Dataset entries
+++
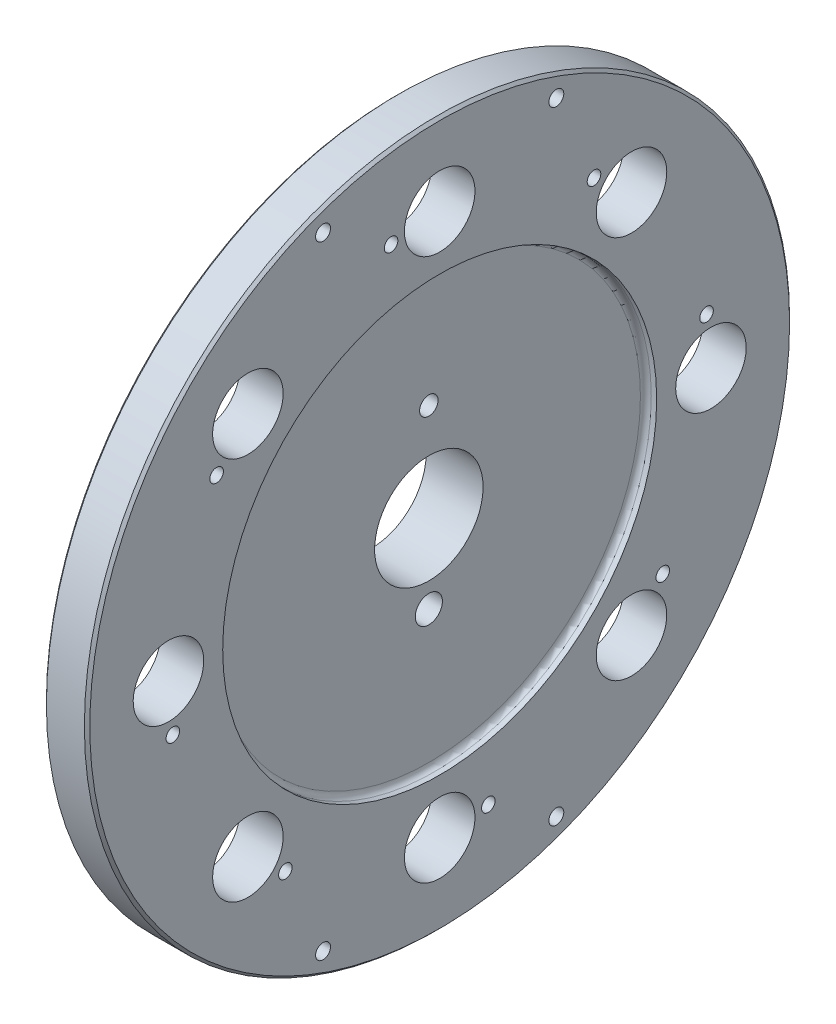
ISO-10303-21;
HEADER;
FILE_DESCRIPTION(('STEP AP214'),'2;1');
FILE_NAME('part.step','',(''),(''),'','','');
FILE_SCHEMA(('AUTOMOTIVE_DESIGN { 1 0 10303 214 1 1 1 1 }'));
ENDSEC;
DATA;
#1=APPLICATION_CONTEXT('core data for automotive mechanical design processes');
#2=APPLICATION_PROTOCOL_DEFINITION('international standard','automotive_design',2000,#1);
#3=PRODUCT_CONTEXT('',#1,'mechanical');
#4=PRODUCT('Part','Part','',(#3));
#5=PRODUCT_RELATED_PRODUCT_CATEGORY('part','',(#4));
#6=PRODUCT_DEFINITION_FORMATION('','',#4);
#7=PRODUCT_DEFINITION_CONTEXT('part definition',#1,'design');
#8=PRODUCT_DEFINITION('design','',#6,#7);
#9=PRODUCT_DEFINITION_SHAPE('','',#8);
#10=(LENGTH_UNIT() NAMED_UNIT(*) SI_UNIT(.MILLI.,.METRE.));
#11=(NAMED_UNIT(*) PLANE_ANGLE_UNIT() SI_UNIT($,.RADIAN.));
#12=(NAMED_UNIT(*) SI_UNIT($,.STERADIAN.) SOLID_ANGLE_UNIT());
#13=UNCERTAINTY_MEASURE_WITH_UNIT(LENGTH_MEASURE(1.E-05),#10,'distance_accuracy_value','');
#14=(GEOMETRIC_REPRESENTATION_CONTEXT(3) GLOBAL_UNCERTAINTY_ASSIGNED_CONTEXT((#13)) GLOBAL_UNIT_ASSIGNED_CONTEXT((#10,
#11,#12)) REPRESENTATION_CONTEXT('',''));
#15=CARTESIAN_POINT('',(0.,0.,0.));
#16=DIRECTION('',(0.,0.,1.));
#17=DIRECTION('',(1.,0.,0.));
#18=AXIS2_PLACEMENT_3D('',#15,#16,#17);
#19=CARTESIAN_POINT('',(14.9768902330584,80.,0.));
#20=DIRECTION('',(1.,0.,0.));
#21=DIRECTION('',(0.,0.,-1.));
#22=AXIS2_PLACEMENT_3D('',#19,#20,#21);
#23=PLANE('',#22);
#24=CARTESIAN_POINT('',(14.9768902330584,114.705056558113,-43.));
#25=DIRECTION('',(-1.,0.,0.));
#26=DIRECTION('',(0.,0.,1.));
#27=AXIS2_PLACEMENT_3D('',#24,#25,#26);
#28=CIRCLE('',#27,2.75);
#29=CARTESIAN_POINT('',(14.9768902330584,114.705056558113,-40.25));
#30=VERTEX_POINT('',#29);
#31=EDGE_CURVE('E412',#30,#30,#28,.T.);
#32=ORIENTED_EDGE('',*,*,#31,.T.);
#33=EDGE_LOOP('',(#32));
#34=FACE_BOUND('',#33,.T.);
#35=CARTESIAN_POINT('',(14.9768902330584,114.705056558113,43.));
#36=DIRECTION('',(-1.,0.,0.));
#37=DIRECTION('',(0.,0.,1.));
#38=AXIS2_PLACEMENT_3D('',#35,#36,#37);
#39=CIRCLE('',#38,2.75);
#40=CARTESIAN_POINT('',(14.9768902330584,114.705056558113,45.75));
#41=VERTEX_POINT('',#40);
#42=EDGE_CURVE('E423',#41,#41,#39,.T.);
#43=ORIENTED_EDGE('',*,*,#42,.T.);
#44=EDGE_LOOP('',(#43));
#45=FACE_BOUND('',#44,.T.);
#46=CARTESIAN_POINT('',(14.9768902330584,-114.705056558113,-43.));
#47=DIRECTION('',(-1.,0.,0.));
#48=DIRECTION('',(0.,0.,1.));
#49=AXIS2_PLACEMENT_3D('',#46,#47,#48);
#50=CIRCLE('',#49,2.75);
#51=CARTESIAN_POINT('',(14.9768902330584,-114.705056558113,-40.25));
#52=VERTEX_POINT('',#51);
#53=EDGE_CURVE('E435',#52,#52,#50,.T.);
#54=ORIENTED_EDGE('',*,*,#53,.T.);
#55=EDGE_LOOP('',(#54));
#56=FACE_BOUND('',#55,.T.);
#57=CARTESIAN_POINT('',(14.9768902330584,-114.705056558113,43.));
#58=DIRECTION('',(-1.,0.,0.));
#59=DIRECTION('',(0.,0.,1.));
#60=AXIS2_PLACEMENT_3D('',#57,#58,#59);
#61=CIRCLE('',#60,2.75);
#62=CARTESIAN_POINT('',(14.9768902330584,-114.705056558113,45.75));
#63=VERTEX_POINT('',#62);
#64=EDGE_CURVE('E446',#63,#63,#61,.T.);
#65=ORIENTED_EDGE('',*,*,#64,.T.);
#66=EDGE_LOOP('',(#65));
#67=FACE_BOUND('',#66,.T.);
#68=CARTESIAN_POINT('',(14.9768902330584,-82.2414343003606,56.8888959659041));
#69=DIRECTION('',(1.,0.,0.));
#70=DIRECTION('',(0.,0.,-1.));
#71=AXIS2_PLACEMENT_3D('',#68,#69,#70);
#72=CIRCLE('',#71,2.49999999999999);
#73=CARTESIAN_POINT('',(14.9768902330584,-82.2414343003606,54.3888959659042));
#74=VERTEX_POINT('',#73);
#75=EDGE_CURVE('E119',#74,#74,#72,.T.);
#76=ORIENTED_EDGE('',*,*,#75,.F.);
#77=EDGE_LOOP('',(#76));
#78=FACE_BOUND('',#77,.T.);
#79=CARTESIAN_POINT('',(14.9768902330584,-17.9269517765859,98.3799999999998));
#80=DIRECTION('',(1.,0.,0.));
#81=DIRECTION('',(0.,0.,-1.));
#82=AXIS2_PLACEMENT_3D('',#79,#80,#81);
#83=CIRCLE('',#82,2.49999999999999);
#84=CARTESIAN_POINT('',(14.9768902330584,-17.9269517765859,95.8799999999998));
#85=VERTEX_POINT('',#84);
#86=EDGE_CURVE('E109',#85,#85,#83,.T.);
#87=ORIENTED_EDGE('',*,*,#86,.F.);
#88=EDGE_LOOP('',(#87));
#89=FACE_BOUND('',#88,.T.);
#90=CARTESIAN_POINT('',(14.9768902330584,56.8888959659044,82.2414343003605));
#91=DIRECTION('',(1.,0.,0.));
#92=DIRECTION('',(0.,0.,-1.));
#93=AXIS2_PLACEMENT_3D('',#90,#91,#92);
#94=CIRCLE('',#93,2.49999999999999);
#95=CARTESIAN_POINT('',(14.9768902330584,56.8888959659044,79.7414343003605));
#96=VERTEX_POINT('',#95);
#97=EDGE_CURVE('E106',#96,#96,#94,.T.);
#98=ORIENTED_EDGE('',*,*,#97,.F.);
#99=EDGE_LOOP('',(#98));
#100=FACE_BOUND('',#99,.T.);
#101=CARTESIAN_POINT('',(14.9768902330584,98.38,17.9269517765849));
#102=DIRECTION('',(1.,0.,0.));
#103=DIRECTION('',(0.,0.,-1.));
#104=AXIS2_PLACEMENT_3D('',#101,#102,#103);
#105=CIRCLE('',#104,2.49999999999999);
#106=CARTESIAN_POINT('',(14.9768902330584,98.38,15.4269517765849));
#107=VERTEX_POINT('',#106);
#108=EDGE_CURVE('E103',#107,#107,#105,.T.);
#109=ORIENTED_EDGE('',*,*,#108,.F.);
#110=EDGE_LOOP('',(#109));
#111=FACE_BOUND('',#110,.T.);
#112=CARTESIAN_POINT('',(14.9768902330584,82.2414343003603,-56.8888959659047));
#113=DIRECTION('',(1.,0.,0.));
#114=DIRECTION('',(0.,0.,-1.));
#115=AXIS2_PLACEMENT_3D('',#112,#113,#114);
#116=CIRCLE('',#115,2.49999999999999);
#117=CARTESIAN_POINT('',(14.9768902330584,82.2414343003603,-59.3888959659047));
#118=VERTEX_POINT('',#117);
#119=EDGE_CURVE('E99',#118,#118,#116,.T.);
#120=ORIENTED_EDGE('',*,*,#119,.F.);
#121=EDGE_LOOP('',(#120));
#122=FACE_BOUND('',#121,.T.);
#123=CARTESIAN_POINT('',(14.9768902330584,17.9269517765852,-98.3799999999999));
#124=DIRECTION('',(1.,0.,0.));
#125=DIRECTION('',(0.,0.,-1.));
#126=AXIS2_PLACEMENT_3D('',#123,#124,#125);
#127=CIRCLE('',#126,2.49999999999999);
#128=CARTESIAN_POINT('',(14.9768902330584,17.9269517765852,-100.88));
#129=VERTEX_POINT('',#128);
#130=EDGE_CURVE('E95',#129,#129,#127,.T.);
#131=ORIENTED_EDGE('',*,*,#130,.F.);
#132=EDGE_LOOP('',(#131));
#133=FACE_BOUND('',#132,.T.);
#134=CARTESIAN_POINT('',(14.9768902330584,-56.888895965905,-82.2414343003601));
#135=DIRECTION('',(1.,0.,0.));
#136=DIRECTION('',(0.,0.,-1.));
#137=AXIS2_PLACEMENT_3D('',#134,#135,#136);
#138=CIRCLE('',#137,2.49999999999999);
#139=CARTESIAN_POINT('',(14.9768902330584,-56.888895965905,-84.74143430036));
#140=VERTEX_POINT('',#139);
#141=EDGE_CURVE('E91',#140,#140,#138,.T.);
#142=ORIENTED_EDGE('',*,*,#141,.F.);
#143=EDGE_LOOP('',(#142));
#144=FACE_BOUND('',#143,.T.);
#145=CARTESIAN_POINT('',(14.9768902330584,-98.38,-17.9269517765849));
#146=DIRECTION('',(1.,0.,0.));
#147=DIRECTION('',(0.,0.,-1.));
#148=AXIS2_PLACEMENT_3D('',#145,#146,#147);
#149=CIRCLE('',#148,2.49999999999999);
#150=CARTESIAN_POINT('',(14.9768902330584,-98.38,-20.4269517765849));
#151=VERTEX_POINT('',#150);
#152=EDGE_CURVE('E87',#151,#151,#149,.T.);
#153=ORIENTED_EDGE('',*,*,#152,.F.);
#154=EDGE_LOOP('',(#153));
#155=FACE_BOUND('',#154,.T.);
#156=CARTESIAN_POINT('',(14.9768902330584,-70.7106781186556,70.7106781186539));
#157=DIRECTION('',(1.,0.,0.));
#158=DIRECTION('',(0.,-0.707106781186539,-0.707106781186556));
#159=AXIS2_PLACEMENT_3D('',#156,#157,#158);
#160=CIRCLE('',#159,13.);
#161=CARTESIAN_POINT('',(14.9768902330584,-79.9030662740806,61.5182899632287));
#162=VERTEX_POINT('',#161);
#163=EDGE_CURVE('E83',#162,#162,#160,.T.);
#164=ORIENTED_EDGE('',*,*,#163,.F.);
#165=EDGE_LOOP('',(#164));
#166=FACE_BOUND('',#165,.T.);
#167=CARTESIAN_POINT('',(14.9768902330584,-1.04777297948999E-12,100.));
#168=DIRECTION('',(1.,0.,0.));
#169=DIRECTION('',(0.,-1.,0.));
#170=AXIS2_PLACEMENT_3D('',#167,#168,#169);
#171=CIRCLE('',#170,13.);
#172=CARTESIAN_POINT('',(14.9768902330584,-13.000000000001,99.9999999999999));
#173=VERTEX_POINT('',#172);
#174=EDGE_CURVE('E79',#173,#173,#171,.T.);
#175=ORIENTED_EDGE('',*,*,#174,.F.);
#176=EDGE_LOOP('',(#175));
#177=FACE_BOUND('',#176,.T.);
#178=CARTESIAN_POINT('',(14.9768902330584,70.7106781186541,70.7106781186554));
#179=DIRECTION('',(1.,0.,0.));
#180=DIRECTION('',(0.,-0.707106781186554,0.707106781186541));
#181=AXIS2_PLACEMENT_3D('',#178,#179,#180);
#182=CIRCLE('',#181,13.);
#183=CARTESIAN_POINT('',(14.9768902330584,61.5182899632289,79.9030662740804));
#184=VERTEX_POINT('',#183);
#185=EDGE_CURVE('E75',#184,#184,#182,.T.);
#186=ORIENTED_EDGE('',*,*,#185,.F.);
#187=EDGE_LOOP('',(#186));
#188=FACE_BOUND('',#187,.T.);
#189=CARTESIAN_POINT('',(14.9768902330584,100.,0.));
#190=DIRECTION('',(1.,0.,0.));
#191=DIRECTION('',(0.,0.,1.));
#192=AXIS2_PLACEMENT_3D('',#189,#190,#191);
#193=CIRCLE('',#192,13.);
#194=CARTESIAN_POINT('',(14.9768902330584,100.,13.));
#195=VERTEX_POINT('',#194);
#196=EDGE_CURVE('E71',#195,#195,#193,.T.);
#197=ORIENTED_EDGE('',*,*,#196,.F.);
#198=EDGE_LOOP('',(#197));
#199=FACE_BOUND('',#198,.T.);
#200=CARTESIAN_POINT('',(14.9768902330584,70.7106781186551,-70.7106781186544));
#201=DIRECTION('',(1.,0.,0.));
#202=DIRECTION('',(0.,0.707106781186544,0.707106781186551));
#203=AXIS2_PLACEMENT_3D('',#200,#201,#202);
#204=CIRCLE('',#203,13.);
#205=CARTESIAN_POINT('',(14.9768902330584,79.9030662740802,-61.5182899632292));
#206=VERTEX_POINT('',#205);
#207=EDGE_CURVE('E67',#206,#206,#204,.T.);
#208=ORIENTED_EDGE('',*,*,#207,.F.);
#209=EDGE_LOOP('',(#208));
#210=FACE_BOUND('',#209,.T.);
#211=CARTESIAN_POINT('',(14.9768902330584,3.48679418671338E-13,-100.));
#212=DIRECTION('',(1.,0.,0.));
#213=DIRECTION('',(0.,1.,0.));
#214=AXIS2_PLACEMENT_3D('',#211,#212,#213);
#215=CIRCLE('',#214,13.);
#216=CARTESIAN_POINT('',(14.9768902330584,13.0000000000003,-100.));
#217=VERTEX_POINT('',#216);
#218=EDGE_CURVE('E63',#217,#217,#215,.T.);
#219=ORIENTED_EDGE('',*,*,#218,.F.);
#220=EDGE_LOOP('',(#219));
#221=FACE_BOUND('',#220,.T.);
#222=CARTESIAN_POINT('',(14.9768902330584,-70.7106781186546,-70.7106781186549));
#223=DIRECTION('',(1.,0.,0.));
#224=DIRECTION('',(0.,0.707106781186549,-0.707106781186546));
#225=AXIS2_PLACEMENT_3D('',#222,#223,#224);
#226=CIRCLE('',#225,13.);
#227=CARTESIAN_POINT('',(14.9768902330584,-61.5182899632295,-79.90306627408));
#228=VERTEX_POINT('',#227);
#229=EDGE_CURVE('E59',#228,#228,#226,.T.);
#230=ORIENTED_EDGE('',*,*,#229,.F.);
#231=EDGE_LOOP('',(#230));
#232=FACE_BOUND('',#231,.T.);
#233=CARTESIAN_POINT('',(14.9768902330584,-100.,0.));
#234=DIRECTION('',(1.,0.,0.));
#235=DIRECTION('',(0.,0.,-1.));
#236=AXIS2_PLACEMENT_3D('',#233,#234,#235);
#237=CIRCLE('',#236,13.);
#238=CARTESIAN_POINT('',(14.9768902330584,-100.,-13.));
#239=VERTEX_POINT('',#238);
#240=EDGE_CURVE('E55',#239,#239,#237,.T.);
#241=ORIENTED_EDGE('',*,*,#240,.F.);
#242=EDGE_LOOP('',(#241));
#243=FACE_BOUND('',#242,.T.);
#244=CARTESIAN_POINT('',(14.9768902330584,0.,0.));
#245=DIRECTION('',(1.,0.,0.));
#246=DIRECTION('',(0.,0.,-1.));
#247=AXIS2_PLACEMENT_3D('',#244,#245,#246);
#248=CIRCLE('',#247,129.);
+++
# Work task
With the line that has "#213=DIRECTION('',(0.,1.,0.));" as the first and the line that has "#226=CIRCLE('',#225,13.);" as the last, repeat exactly that run of lines above and no more.

# Written answer
#213=DIRECTION('',(0.,1.,0.));
#214=AXIS2_PLACEMENT_3D('',#211,#212,#213);
#215=CIRCLE('',#214,13.);
#216=CARTESIAN_POINT('',(14.9768902330584,13.0000000000003,-100.));
#217=VERTEX_POINT('',#216);
#218=EDGE_CURVE('E63',#217,#217,#215,.T.);
#219=ORIENTED_EDGE('',*,*,#218,.F.);
#220=EDGE_LOOP('',(#219));
#221=FACE_BOUND('',#220,.T.);
#222=CARTESIAN_POINT('',(14.9768902330584,-70.7106781186546,-70.7106781186549));
#223=DIRECTION('',(1.,0.,0.));
#224=DIRECTION('',(0.,0.707106781186549,-0.707106781186546));
#225=AXIS2_PLACEMENT_3D('',#222,#223,#224);
#226=CIRCLE('',#225,13.);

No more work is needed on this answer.